# 2Cool Monthly Photo Contest, The Golden Hour



## Cutter

I asked Mont about this, and I thought if there was enough interest, we could try a monthly photo contest here. Every month we will choose a topic, submit photos, and at the end of the month, we can vote for a favorite.

The winner will receive nothing except *bragging rights*. If someone wants to plug their business here and sponsor a prize for the winner(s), that would be a great addition to the bragging rights  (send me a pm if you want to sponsor a contest)

Here are the rules.
1.) The photo must be your's or your family's
2.) Submit up to 3 photos 
3.) Submit the photos to this thread.
4.) Keep the photo *less than 640 pixels wide* so that we dont have to scroll.

This month's theme is called, *The Golden Hour.*
Submit your 3 best early morning or late afternoon photos. (and they dont actually have to be "golden") Feel free to provide the location, circumstances, or story behind the photos also.

*Photo submissions for this month will end on Tuesday, January 31st, 2006.* After that time, we will take 1 week to vote for a favorite. The winner can help choose the next month's theme.

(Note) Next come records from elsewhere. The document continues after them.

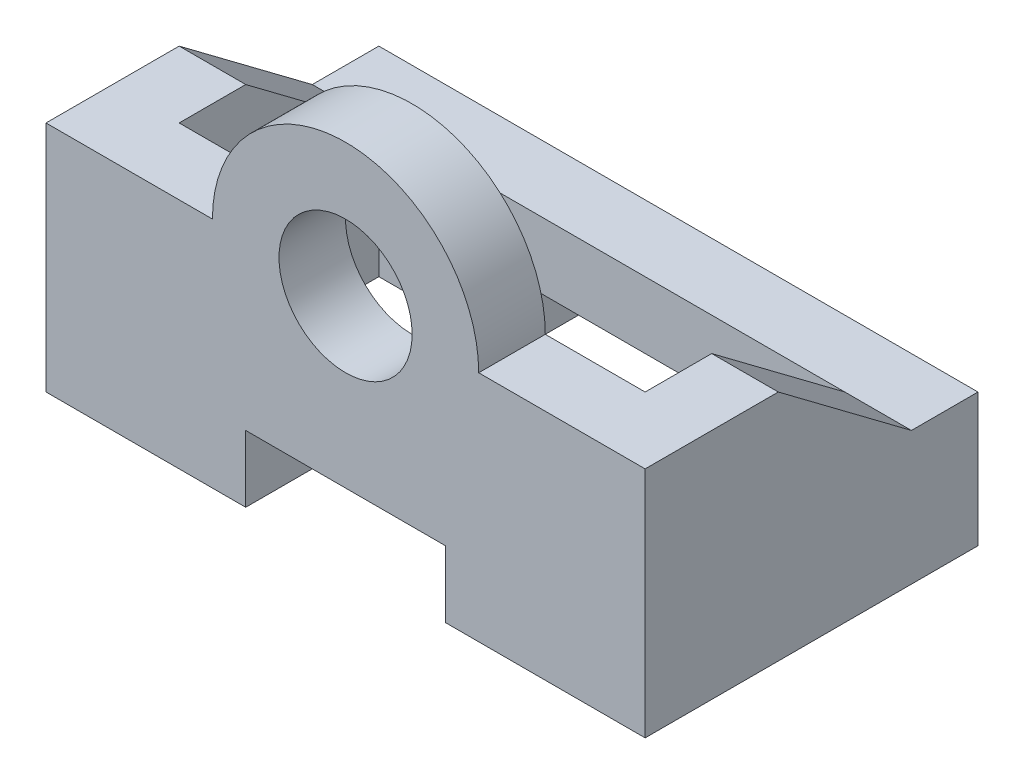
ISO-10303-21;
HEADER;
FILE_DESCRIPTION(('STEP AP214'),'2;1');
FILE_NAME('part.step','',(''),(''),'','','');
FILE_SCHEMA(('AUTOMOTIVE_DESIGN { 1 0 10303 214 1 1 1 1 }'));
ENDSEC;
DATA;
#1=APPLICATION_CONTEXT('core data for automotive mechanical design processes');
#2=APPLICATION_PROTOCOL_DEFINITION('international standard','automotive_design',2000,#1);
#3=PRODUCT_CONTEXT('',#1,'mechanical');
#4=PRODUCT('Part','Part','',(#3));
#5=PRODUCT_RELATED_PRODUCT_CATEGORY('part','',(#4));
#6=PRODUCT_DEFINITION_FORMATION('','',#4);
#7=PRODUCT_DEFINITION_CONTEXT('part definition',#1,'design');
#8=PRODUCT_DEFINITION('design','',#6,#7);
#9=PRODUCT_DEFINITION_SHAPE('','',#8);
#10=(LENGTH_UNIT() NAMED_UNIT(*) SI_UNIT(.MILLI.,.METRE.));
#11=(NAMED_UNIT(*) PLANE_ANGLE_UNIT() SI_UNIT($,.RADIAN.));
#12=(NAMED_UNIT(*) SI_UNIT($,.STERADIAN.) SOLID_ANGLE_UNIT());
#13=UNCERTAINTY_MEASURE_WITH_UNIT(LENGTH_MEASURE(1.E-05),#10,'distance_accuracy_value','');
#14=(GEOMETRIC_REPRESENTATION_CONTEXT(3) GLOBAL_UNCERTAINTY_ASSIGNED_CONTEXT((#13)) GLOBAL_UNIT_ASSIGNED_CONTEXT((#10,
#11,#12)) REPRESENTATION_CONTEXT('',''));
#15=CARTESIAN_POINT('',(0.,0.,0.));
#16=DIRECTION('',(0.,0.,1.));
#17=DIRECTION('',(1.,0.,0.));
#18=AXIS2_PLACEMENT_3D('',#15,#16,#17);
#19=CARTESIAN_POINT('',(35.,0.,-25.));
#20=DIRECTION('',(1.,0.,0.));
#21=DIRECTION('',(0.,0.,-1.));
#22=AXIS2_PLACEMENT_3D('',#19,#20,#21);
#23=PLANE('',#22);
#24=DIRECTION('',(0.,-1.,0.));
#25=VECTOR('',#24,1.);
#26=CARTESIAN_POINT('',(35.,0.,15.));
#27=LINE('',#26,#25);
#28=CARTESIAN_POINT('',(35.,7.5,15.));
#29=VERTEX_POINT('',#28);
#30=CARTESIAN_POINT('',(35.,-27.5,15.));
#31=VERTEX_POINT('',#30);
#32=EDGE_CURVE('E11',#29,#31,#27,.T.);
#33=ORIENTED_EDGE('',*,*,#32,.F.);
#34=DIRECTION('',(0.,0.,1.));
#35=VECTOR('',#34,1.);
#36=CARTESIAN_POINT('',(35.,7.49999999999999,25.));
#37=LINE('',#36,#35);
#38=CARTESIAN_POINT('',(35.,7.49999999999999,5.));
#39=VERTEX_POINT('',#38);
#40=EDGE_CURVE('E132',#39,#29,#37,.T.);
#41=ORIENTED_EDGE('',*,*,#40,.F.);
#42=DIRECTION('',(0.,0.6,0.8));
#43=VECTOR('',#42,1.);
#44=CARTESIAN_POINT('',(35.,7.49999999999999,5.));
#45=LINE('',#44,#43);
#46=CARTESIAN_POINT('',(35.,-7.5,-15.));
#47=VERTEX_POINT('',#46);
#48=EDGE_CURVE('E76',#47,#39,#45,.T.);
#49=ORIENTED_EDGE('',*,*,#48,.F.);
#50=DIRECTION('',(0.,1.,0.));
#51=VECTOR('',#50,1.);
#52=CARTESIAN_POINT('',(35.,0.,-15.));
#53=LINE('',#52,#51);
#54=CARTESIAN_POINT('',(35.,-27.5,-15.));
#55=VERTEX_POINT('',#54);
#56=EDGE_CURVE('E49',#55,#47,#53,.T.);
#57=ORIENTED_EDGE('',*,*,#56,.F.);
#58=DIRECTION('',(0.,0.,-1.));
#59=VECTOR('',#58,1.);
#60=CARTESIAN_POINT('',(35.,-27.5,-25.));
#61=LINE('',#60,#59);
#62=EDGE_CURVE('E136',#31,#55,#61,.T.);
#63=ORIENTED_EDGE('',*,*,#62,.F.);
#64=EDGE_LOOP('',(#33,#41,#49,#57,#63));
#65=FACE_BOUND('',#64,.T.);
#66=ADVANCED_FACE('F41',(#65),#23,.F.);
#67=CARTESIAN_POINT('',(45.,-27.5,-25.));
#68=DIRECTION('',(0.,0.,1.));
#69=DIRECTION('',(1.,0.,0.));
#70=AXIS2_PLACEMENT_3D('',#67,#68,#69);
#71=PLANE('',#70);
#72=DIRECTION('',(-1.,0.,0.));
#73=VECTOR('',#72,1.);
#74=CARTESIAN_POINT('',(45.,-27.5,-25.));
#75=LINE('',#74,#73);
#76=CARTESIAN_POINT('',(45.,-27.5,-25.));
#77=VERTEX_POINT('',#76);
#78=CARTESIAN_POINT('',(15.,-27.5,-25.));
#79=VERTEX_POINT('',#78);
#80=EDGE_CURVE('E127',#77,#79,#75,.T.);
#81=ORIENTED_EDGE('',*,*,#80,.T.);
#82=DIRECTION('',(0.,-1.,0.));
#83=VECTOR('',#82,1.);
#84=CARTESIAN_POINT('',(15.,-27.5,-25.));
#85=LINE('',#84,#83);
#86=CARTESIAN_POINT('',(15.,-17.5,-25.));
#87=VERTEX_POINT('',#86);
#88=EDGE_CURVE('E169',#87,#79,#85,.T.);
#89=ORIENTED_EDGE('',*,*,#88,.F.);
#90=DIRECTION('',(1.,0.,0.));
#91=VECTOR('',#90,1.);
#92=CARTESIAN_POINT('',(-15.,-17.5,-25.));
#93=LINE('',#92,#91);
#94=CARTESIAN_POINT('',(-15.,-17.5,-25.));
#95=VERTEX_POINT('',#94);
#96=EDGE_CURVE('E175',#95,#87,#93,.T.);
#97=ORIENTED_EDGE('',*,*,#96,.F.);
#98=DIRECTION('',(0.,1.,0.));
#99=VECTOR('',#98,1.);
#100=CARTESIAN_POINT('',(-15.,-27.5,-25.));
#101=LINE('',#100,#99);
#102=CARTESIAN_POINT('',(-15.,-27.5,-25.));
#103=VERTEX_POINT('',#102);
#104=EDGE_CURVE('E187',#103,#95,#101,.T.);
#105=ORIENTED_EDGE('',*,*,#104,.F.);
#106=DIRECTION('',(-1.,0.,0.));
#107=VECTOR('',#106,1.);
#108=CARTESIAN_POINT('',(-35.,-27.5,-25.));
#109=LINE('',#108,#107);
#110=CARTESIAN_POINT('',(-45.,-27.5,-25.));
#111=VERTEX_POINT('',#110);
#112=EDGE_CURVE('E216',#103,#111,#109,.T.);
#113=ORIENTED_EDGE('',*,*,#112,.T.);
#114=DIRECTION('',(0.,1.,0.));
#115=VECTOR('',#114,1.);
#116=CARTESIAN_POINT('',(-45.,-27.5,-25.));
#117=LINE('',#116,#115);
#118=CARTESIAN_POINT('',(-45.,-7.5,-25.));
#119=VERTEX_POINT('',#118);
#120=EDGE_CURVE('E205',#111,#119,#117,.T.);
#121=ORIENTED_EDGE('',*,*,#120,.T.);
#122=DIRECTION('',(-1.,0.,0.));
#123=VECTOR('',#122,1.);
#124=CARTESIAN_POINT('',(45.,-7.5,-25.));
#125=LINE('',#124,#123);
#126=CARTESIAN_POINT('',(45.,-7.5,-25.));
#127=VERTEX_POINT('',#126);
#128=EDGE_CURVE('E145',#127,#119,#125,.T.);
#129=ORIENTED_EDGE('',*,*,#128,.F.);
#130=DIRECTION('',(0.,1.,0.));
#131=VECTOR('',#130,1.);
#132=CARTESIAN_POINT('',(45.,-27.5,-25.));
#133=LINE('',#132,#131);
#134=EDGE_CURVE('E138',#77,#127,#133,.T.);
#135=ORIENTED_EDGE('',*,*,#134,.F.);
#136=EDGE_LOOP('',(#81,#89,#97,#105,#113,#121,#129,#135));
#137=FACE_BOUND('',#136,.T.);
#138=ADVANCED_FACE('F43',(#137),#71,.F.);
#139=CARTESIAN_POINT('',(45.,-7.5,-25.));
#140=DIRECTION('',(0.,-1.,0.));
#141=DIRECTION('',(0.,0.,-1.));
#142=AXIS2_PLACEMENT_3D('',#139,#140,#141);
#143=PLANE('',#142);
#144=ORIENTED_EDGE('',*,*,#128,.T.);
#145=DIRECTION('',(0.,0.,1.));
#146=VECTOR('',#145,1.);
#147=CARTESIAN_POINT('',(-45.,-7.5,-25.));
#148=LINE('',#147,#146);
#149=CARTESIAN_POINT('',(-45.,-7.5,-15.));
#150=VERTEX_POINT('',#149);
#151=EDGE_CURVE('E219',#119,#150,#148,.T.);
#152=ORIENTED_EDGE('',*,*,#151,.T.);
#153=DIRECTION('',(-1.,0.,0.));
#154=VECTOR('',#153,1.);
#155=CARTESIAN_POINT('',(-35.,-7.5,-15.));
#156=LINE('',#155,#154);
#157=CARTESIAN_POINT('',(-35.,-7.5,-15.));
#158=VERTEX_POINT('',#157);
#159=EDGE_CURVE('E166',#158,#150,#156,.T.);
#160=ORIENTED_EDGE('',*,*,#159,.F.);
#161=DIRECTION('',(-1.,0.,0.));
#162=VECTOR('',#161,1.);
#163=CARTESIAN_POINT('',(-45.,-7.5,-15.));
#164=LINE('',#163,#162);
#165=EDGE_CURVE('E154',#47,#158,#164,.T.);
#166=ORIENTED_EDGE('',*,*,#165,.F.);
#167=DIRECTION('',(-1.,0.,0.));
#168=VECTOR('',#167,1.);
#169=CARTESIAN_POINT('',(45.,-7.5,-15.));
#170=LINE('',#169,#168);
#171=CARTESIAN_POINT('',(45.,-7.5,-15.));
#172=VERTEX_POINT('',#171);
#173=EDGE_CURVE('E143',#172,#47,#170,.T.);
#174=ORIENTED_EDGE('',*,*,#173,.F.);
#175=DIRECTION('',(0.,0.,1.));
#176=VECTOR('',#175,1.);
#177=CARTESIAN_POINT('',(45.,-7.5,-25.));
#178=LINE('',#177,#176);
#179=EDGE_CURVE('E300',#127,#172,#178,.T.);
#180=ORIENTED_EDGE('',*,*,#179,.F.);
#181=EDGE_LOOP('',(#144,#152,#160,#166,#174,#180));
#182=FACE_BOUND('',#181,.T.);
#183=ADVANCED_FACE('F163',(#182),#143,.F.);
#184=CARTESIAN_POINT('',(45.,7.49999999999999,5.));
#185=DIRECTION('',(0.,-0.8,0.6));
#186=DIRECTION('',(0.,-0.6,-0.8));
#187=AXIS2_PLACEMENT_3D('',#184,#185,#186);
#188=PLANE('',#187);
#189=ORIENTED_EDGE('',*,*,#48,.T.);
#190=DIRECTION('',(-1.,0.,0.));
#191=VECTOR('',#190,1.);
#192=CARTESIAN_POINT('',(45.,7.49999999999999,5.));
#193=LINE('',#192,#191);
#194=CARTESIAN_POINT('',(45.,7.49999999999999,5.));
#195=VERTEX_POINT('',#194);
#196=EDGE_CURVE('E119',#195,#39,#193,.T.);
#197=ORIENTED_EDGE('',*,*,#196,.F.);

Here are a few photos to kick things off.

Boat ride out of Bastrop Bayou and into West Bay









Before sunrise at Bastrop Marina









Taken at the Armand Bayou Nature Center


----------



## seawings

*Photo Contest:*

Excellent idea, I am all for it! I love photography, just not very good, so it will be fun and perhaps educational to participate. Thanks for the idea.


----------



## pelican

Very cool, Cutter ... I'm sure I can dig up 3.


----------



## GreatWhite4591

*OK, I'll try it*

First is off Bolivar Ferry in the evening
Second is Boston Fleet in the morning
Third is a morning in the clouds


----------



## bill

I got one now, not really early or late but I like it.


----------



## Profish00

Best 250 dollars I have ever spent

Sunset on the lake


----------



## MarcusT

Sunrises on Galveston Bay and heading out of the jetties.


----------



## RustyBrown

*Great Idea Cutter...*

From Horseshoe Flats this morning looking toward the lighthouse...


----------



## RustyBrown

*Two Beacons*

Again from Horseshoe Flats...


----------



## LIONESS-270

Thanks Cutter!!!!! Its a great idea. I don't expect to win, but it will sure help me get up in the morning and enjoy the sunrises. This is our year to travel far and wide and photos are going to be a major part.
I see some very striking photos already.

Our back yard at sunup........Sunrise Bay. Lake CC.


----------



## Pod

This a great idea, I don't expect to win either but it is great to see everyone's photo's. There are some talented photographers on this site.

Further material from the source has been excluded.